Robert Egerton Swartwout (July 2, 1905 – June 2, 1951) was an American-born
English cartoonist, coxswain, and writer, including poet.
He was the only son of American architect Egerton Swartwout and British-born Geraldine Davenport Swartwout. He drew from his rowing experience to produce a locked-room mystery about The Boat Race and many poems.
Swartwout was also a member and debater with the Cambridge Union Society. Under the pen name R. E. Swartwout, he contributed to Granta and Punch, as well as crosswords for The Spectator. He wrote a short Holmesian piece entitled "The Omnibus Murder" and wrote four books:[5]
Rhymes of the River and other verses, by R. E. Swartwout, W. Heffer and Sons Limited, Cambridge, 1927
The Monastic Craftsman: An Inquiry into the Services of Monks to Art in Britain and in Europe North of the Alps in the Middle Ages, by R. E. Swartwout, M.Litt. of Trinity College, Cambridge, Cambridge, W. Heffer and Sons Ltd, 1932
The Boat Race Murder, by R. E. Swartwout, Grayson and Grayson Ltd., Curzon Street, Mayfair, London, 1933. This book from the Cambridge Crime series has been reissued by Ostara Publishing.[6]
It Might Have Happened.

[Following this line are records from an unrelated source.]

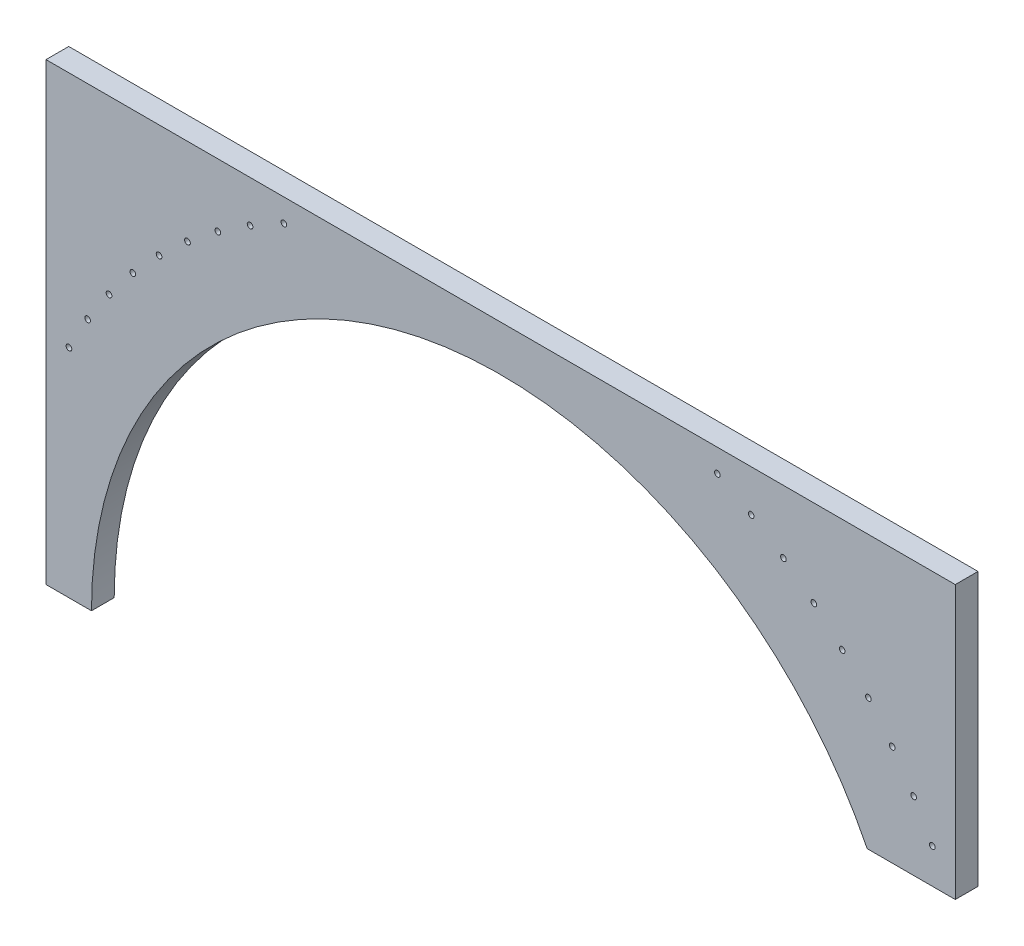
ISO-10303-21;
HEADER;
FILE_DESCRIPTION(('STEP AP214'),'2;1');
FILE_NAME('part.step','',(''),(''),'','','');
FILE_SCHEMA(('AUTOMOTIVE_DESIGN { 1 0 10303 214 1 1 1 1 }'));
ENDSEC;
DATA;
#1=APPLICATION_CONTEXT('core data for automotive mechanical design processes');
#2=APPLICATION_PROTOCOL_DEFINITION('international standard','automotive_design',2000,#1);
#3=PRODUCT_CONTEXT('',#1,'mechanical');
#4=PRODUCT('Part','Part','',(#3));
#5=PRODUCT_RELATED_PRODUCT_CATEGORY('part','',(#4));
#6=PRODUCT_DEFINITION_FORMATION('','',#4);
#7=PRODUCT_DEFINITION_CONTEXT('part definition',#1,'design');
#8=PRODUCT_DEFINITION('design','',#6,#7);
#9=PRODUCT_DEFINITION_SHAPE('','',#8);
#10=(LENGTH_UNIT() NAMED_UNIT(*) SI_UNIT(.MILLI.,.METRE.));
#11=(NAMED_UNIT(*) PLANE_ANGLE_UNIT() SI_UNIT($,.RADIAN.));
#12=(NAMED_UNIT(*) SI_UNIT($,.STERADIAN.) SOLID_ANGLE_UNIT());
#13=UNCERTAINTY_MEASURE_WITH_UNIT(LENGTH_MEASURE(1.E-05),#10,'distance_accuracy_value','');
#14=(GEOMETRIC_REPRESENTATION_CONTEXT(3) GLOBAL_UNCERTAINTY_ASSIGNED_CONTEXT((#13)) GLOBAL_UNIT_ASSIGNED_CONTEXT((#10,
#11,#12)) REPRESENTATION_CONTEXT('',''));
#15=CARTESIAN_POINT('',(0.,0.,0.));
#16=DIRECTION('',(0.,0.,1.));
#17=DIRECTION('',(1.,0.,0.));
#18=AXIS2_PLACEMENT_3D('',#15,#16,#17);
#19=CARTESIAN_POINT('',(40.,16.,2.));
#20=DIRECTION('',(0.,1.,0.));
#21=DIRECTION('',(0.,0.,1.));
#22=AXIS2_PLACEMENT_3D('',#19,#20,#21);
#23=PLANE('',#22);
#24=DIRECTION('',(1.,0.,0.));
#25=VECTOR('',#24,1.);
#26=CARTESIAN_POINT('',(40.,16.,0.));
#27=LINE('',#26,#25);
#28=CARTESIAN_POINT('',(32.2490309931942,16.,0.));
#29=VERTEX_POINT('',#28);
#30=CARTESIAN_POINT('',(40.,16.,0.));
#31=VERTEX_POINT('',#30);
#32=EDGE_CURVE('E117',#29,#31,#27,.T.);
#33=ORIENTED_EDGE('',*,*,#32,.T.);
#34=DIRECTION('',(0.,0.,-1.));
#35=VECTOR('',#34,1.);
#36=CARTESIAN_POINT('',(40.,16.,2.));
#37=LINE('',#36,#35);
#38=CARTESIAN_POINT('',(40.,16.,2.));
#39=VERTEX_POINT('',#38);
#40=EDGE_CURVE('E11',#39,#31,#37,.T.);
#41=ORIENTED_EDGE('',*,*,#40,.F.);
#42=DIRECTION('',(1.,0.,0.));
#43=VECTOR('',#42,1.);
#44=CARTESIAN_POINT('',(40.,16.,2.));
#45=LINE('',#44,#43);
#46=CARTESIAN_POINT('',(32.2490309931942,16.,2.));
#47=VERTEX_POINT('',#46);
#48=EDGE_CURVE('E128',#47,#39,#45,.T.);
#49=ORIENTED_EDGE('',*,*,#48,.F.);
#50=DIRECTION('',(0.,0.,-1.));
#51=VECTOR('',#50,1.);
#52=CARTESIAN_POINT('',(32.2490309931942,16.,2.));
#53=LINE('',#52,#51);
#54=EDGE_CURVE('E113',#47,#29,#53,.T.);
#55=ORIENTED_EDGE('',*,*,#54,.T.);
#56=EDGE_LOOP('',(#33,#41,#49,#55));
#57=FACE_BOUND('',#56,.T.);
#58=ADVANCED_FACE('F33',(#57),#23,.F.);
#59=CARTESIAN_POINT('',(40.,16.,2.));
#60=DIRECTION('',(-1.,0.,0.));
#61=DIRECTION('',(0.,-1.,0.));
#62=AXIS2_PLACEMENT_3D('',#59,#60,#61);
#63=PLANE('',#62);
#64=DIRECTION('',(0.,1.,0.));
#65=VECTOR('',#64,1.);
#66=CARTESIAN_POINT('',(40.,16.,0.));
#67=LINE('',#66,#65);
#68=CARTESIAN_POINT('',(40.,40.,0.));
#69=VERTEX_POINT('',#68);
#70=EDGE_CURVE('E120',#31,#69,#67,.T.);
#71=ORIENTED_EDGE('',*,*,#70,.T.);
#72=DIRECTION('',(0.,0.,-1.));
#73=VECTOR('',#72,1.);
#74=CARTESIAN_POINT('',(40.,40.,2.));
#75=LINE('',#74,#73);
#76=CARTESIAN_POINT('',(40.,40.,2.));
#77=VERTEX_POINT('',#76);
#78=EDGE_CURVE('E41',#77,#69,#75,.T.);
#79=ORIENTED_EDGE('',*,*,#78,.F.);
#80=DIRECTION('',(0.,1.,0.));
#81=VECTOR('',#80,1.);
#82=CARTESIAN_POINT('',(40.,16.,2.));
#83=LINE('',#82,#81);
#84=EDGE_CURVE('E86',#39,#77,#83,.T.);
#85=ORIENTED_EDGE('',*,*,#84,.F.);
#86=ORIENTED_EDGE('',*,*,#40,.T.);
#87=EDGE_LOOP('',(#71,#79,#85,#86));
#88=FACE_BOUND('',#87,.T.);
#89=ADVANCED_FACE('F153',(#88),#63,.F.);
#90=CARTESIAN_POINT('',(40.,40.,2.));
#91=DIRECTION('',(0.,-1.,0.));
#92=DIRECTION('',(1.,0.,0.));
#93=AXIS2_PLACEMENT_3D('',#90,#91,#92);
#94=PLANE('',#93);
#95=DIRECTION('',(-1.,0.,0.));
#96=VECTOR('',#95,1.);
#97=CARTESIAN_POINT('',(40.,40.,0.));
#98=LINE('',#97,#96);
#99=CARTESIAN_POINT('',(-40.,40.,0.));
#100=VERTEX_POINT('',#99);
#101=EDGE_CURVE('E123',#69,#100,#98,.T.);
#102=ORIENTED_EDGE('',*,*,#101,.T.);
#103=DIRECTION('',(0.,0.,-1.));
#104=VECTOR('',#103,1.);
#105=CARTESIAN_POINT('',(-40.,40.,2.));
#106=LINE('',#105,#104);
#107=CARTESIAN_POINT('',(-40.,40.,2.));
#108=VERTEX_POINT('',#107);
#109=EDGE_CURVE('E108',#108,#100,#106,.T.);
#110=ORIENTED_EDGE('',*,*,#109,.F.);
#111=DIRECTION('',(-1.,0.,0.));
#112=VECTOR('',#111,1.);
#113=CARTESIAN_POINT('',(40.,40.,2.));
#114=LINE('',#113,#112);
#115=EDGE_CURVE('E99',#77,#108,#114,.T.);
#116=ORIENTED_EDGE('',*,*,#115,.F.);
#117=ORIENTED_EDGE('',*,*,#78,.T.);
#118=EDGE_LOOP('',(#102,#110,#116,#117));
#119=FACE_BOUND('',#118,.T.);
#120=ADVANCED_FACE('F134',(#119),#94,.F.);
#121=CARTESIAN_POINT('',(-40.,40.,2.));
#122=DIRECTION('',(1.,0.,0.));
#123=DIRECTION('',(0.,1.,0.));
#124=AXIS2_PLACEMENT_3D('',#121,#122,#123);
#125=PLANE('',#124);
#126=DIRECTION('',(0.,-1.,0.));
#127=VECTOR('',#126,1.);
#128=CARTESIAN_POINT('',(-40.,40.,0.));
#129=LINE('',#128,#127);
#130=CARTESIAN_POINT('',(-40.,0.,0.));
#131=VERTEX_POINT('',#130);
#132=EDGE_CURVE('E107',#100,#131,#129,.T.);
#133=ORIENTED_EDGE('',*,*,#132,.T.);
#134=DIRECTION('',(0.,0.,-1.));
#135=VECTOR('',#134,1.);
#136=CARTESIAN_POINT('',(-40.,0.,2.));
#137=LINE('',#136,#135);
#138=CARTESIAN_POINT('',(-40.,0.,2.));
#139=VERTEX_POINT('',#138);
#140=EDGE_CURVE('E104',#139,#131,#137,.T.);
#141=ORIENTED_EDGE('',*,*,#140,.F.);
#142=DIRECTION('',(0.,-1.,0.));
#143=VECTOR('',#142,1.);
#144=CARTESIAN_POINT('',(-40.,40.,2.));
#145=LINE('',#144,#143);
#146=EDGE_CURVE('E93',#108,#139,#145,.T.);
#147=ORIENTED_EDGE('',*,*,#146,.F.);
#148=ORIENTED_EDGE('',*,*,#109,.T.);
#149=EDGE_LOOP('',(#133,#141,#147,#148));
#150=FACE_BOUND('',#149,.T.);
#151=ADVANCED_FACE('F105',(#150),#125,.F.);
#152=CARTESIAN_POINT('',(-36.,0.,2.));
#153=DIRECTION('',(0.,1.,0.));
#154=DIRECTION('',(-1.,0.,0.));
#155=AXIS2_PLACEMENT_3D('',#152,#153,#154);
#156=PLANE('',#155);
#157=DIRECTION('',(1.,0.,0.));
#158=VECTOR('',#157,1.);
#159=CARTESIAN_POINT('',(-36.,0.,0.));
#160=LINE('',#159,#158);
#161=CARTESIAN_POINT('',(-36.,0.,0.));
#162=VERTEX_POINT('',#161);
#163=EDGE_CURVE('E72',#131,#162,#160,.T.);
#164=ORIENTED_EDGE('',*,*,#163,.T.);
#165=DIRECTION('',(0.,0.,-1.));
#166=VECTOR('',#165,1.);
#167=CARTESIAN_POINT('',(-36.,0.,2.));
#168=LINE('',#167,#166);
#169=CARTESIAN_POINT('',(-36.,0.,2.));
#170=VERTEX_POINT('',#169);
#171=EDGE_CURVE('E109',#170,#162,#168,.T.);
#172=ORIENTED_EDGE('',*,*,#171,.F.);
#173=DIRECTION('',(1.,0.,0.));
#174=VECTOR('',#173,1.);
#175=CARTESIAN_POINT('',(-36.,0.,2.));
#176=LINE('',#175,#174);
#177=EDGE_CURVE('E97',#139,#170,#176,.T.);
#178=ORIENTED_EDGE('',*,*,#177,.F.);
#179=ORIENTED_EDGE('',*,*,#140,.T.);
#180=EDGE_LOOP('',(#164,#172,#178,#179));
#181=FACE_BOUND('',#180,.T.);
#182=ADVANCED_FACE('F111',(#181),#156,.F.);
#183=CARTESIAN_POINT('',(0.,0.,2.));
#184=DIRECTION('',(0.,0.,-1.));
#185=DIRECTION('',(-1.,0.,0.));
#186=AXIS2_PLACEMENT_3D('',#183,#184,#185);
#187=CYLINDRICAL_SURFACE('',#186,36.);
#188=CARTESIAN_POINT('',(0.,0.,0.));
#189=DIRECTION('',(0.,0.,-1.));
#190=DIRECTION('',(1.,0.,0.));
#191=AXIS2_PLACEMENT_3D('',#188,#189,#190);
#192=CIRCLE('',#191,36.);
#193=EDGE_CURVE('E78',#162,#29,#192,.T.);
#194=ORIENTED_EDGE('',*,*,#193,.T.);
#195=ORIENTED_EDGE('',*,*,#54,.F.);
#196=CARTESIAN_POINT('',(0.,0.,2.));
#197=DIRECTION('',(0.,0.,-1.));
#198=DIRECTION('',(1.,0.,0.));
#199=AXIS2_PLACEMENT_3D('',#196,#197,#198);
#200=CIRCLE('',#199,36.);
#201=EDGE_CURVE('E49',#170,#47,#200,.T.);
#202=ORIENTED_EDGE('',*,*,#201,.F.);
#203=ORIENTED_EDGE('',*,*,#171,.T.);
#204=EDGE_LOOP('',(#194,#195,#202,#203));
#205=FACE_BOUND('',#204,.T.);
#206=ADVANCED_FACE('F141',(#205),#187,.F.);
#207=CARTESIAN_POINT('',(0.,0.,2.));
#208=DIRECTION('',(0.,0.,1.));
#209=DIRECTION('',(1.,0.,0.));
#210=AXIS2_PLACEMENT_3D('',#207,#208,#209);
#211=PLANE('',#210);
#212=CARTESIAN_POINT('',(37.9814539466944,19.0698493988598,2.));
#213=DIRECTION('',(0.,0.,1.));
#214=DIRECTION('',(-1.,0.,0.));
#215=AXIS2_PLACEMENT_3D('',#212,#213,#214);
#216=CIRCLE('',#215,0.25);
#217=CARTESIAN_POINT('',(37.7314539466944,19.0698493988598,2.));
#218=VERTEX_POINT('',#217);
#219=EDGE_CURVE('E379',#218,#218,#216,.T.);
#220=ORIENTED_EDGE('',*,*,#219,.F.);
#221=EDGE_LOOP('',(#220));
#222=FACE_BOUND('',#221,.T.);
#223=CARTESIAN_POINT('',(36.3355463010969,22.0449104103625,2.));
#224=DIRECTION('',(0.,0.,1.));
#225=DIRECTION('',(-1.,0.,0.));
#226=AXIS2_PLACEMENT_3D('',#223,#224,#225);
#227=CIRCLE('',#226,0.25);
#228=CARTESIAN_POINT('',(36.0855463010969,22.0449104103625,2.));
#229=VERTEX_POINT('',#228);
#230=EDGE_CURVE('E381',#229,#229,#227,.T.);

A sketch of the later career of Rupert Lister Audenard, First Earl of Slype, etc. [A political fantasy based on the imaginary extension of the life of Lord Randolph Churchill], by R. Egerton Swartwout, W. Heffer and Sons Cambridge, 1934
In 1931, Swartwout wrote the introduction to Sir William Schwenck Gilbert: A Topsy Turvy Adventure, by Townley Searle, London: Alexander-Ouseley, Ltd., 1931.
Swartwout died unmarried in Hartismere Hospital, Eye, Suffolk, England on June 6, 1951, of esophageal cancer complicated by pulmonary tuberculosis at the age of 45.[8]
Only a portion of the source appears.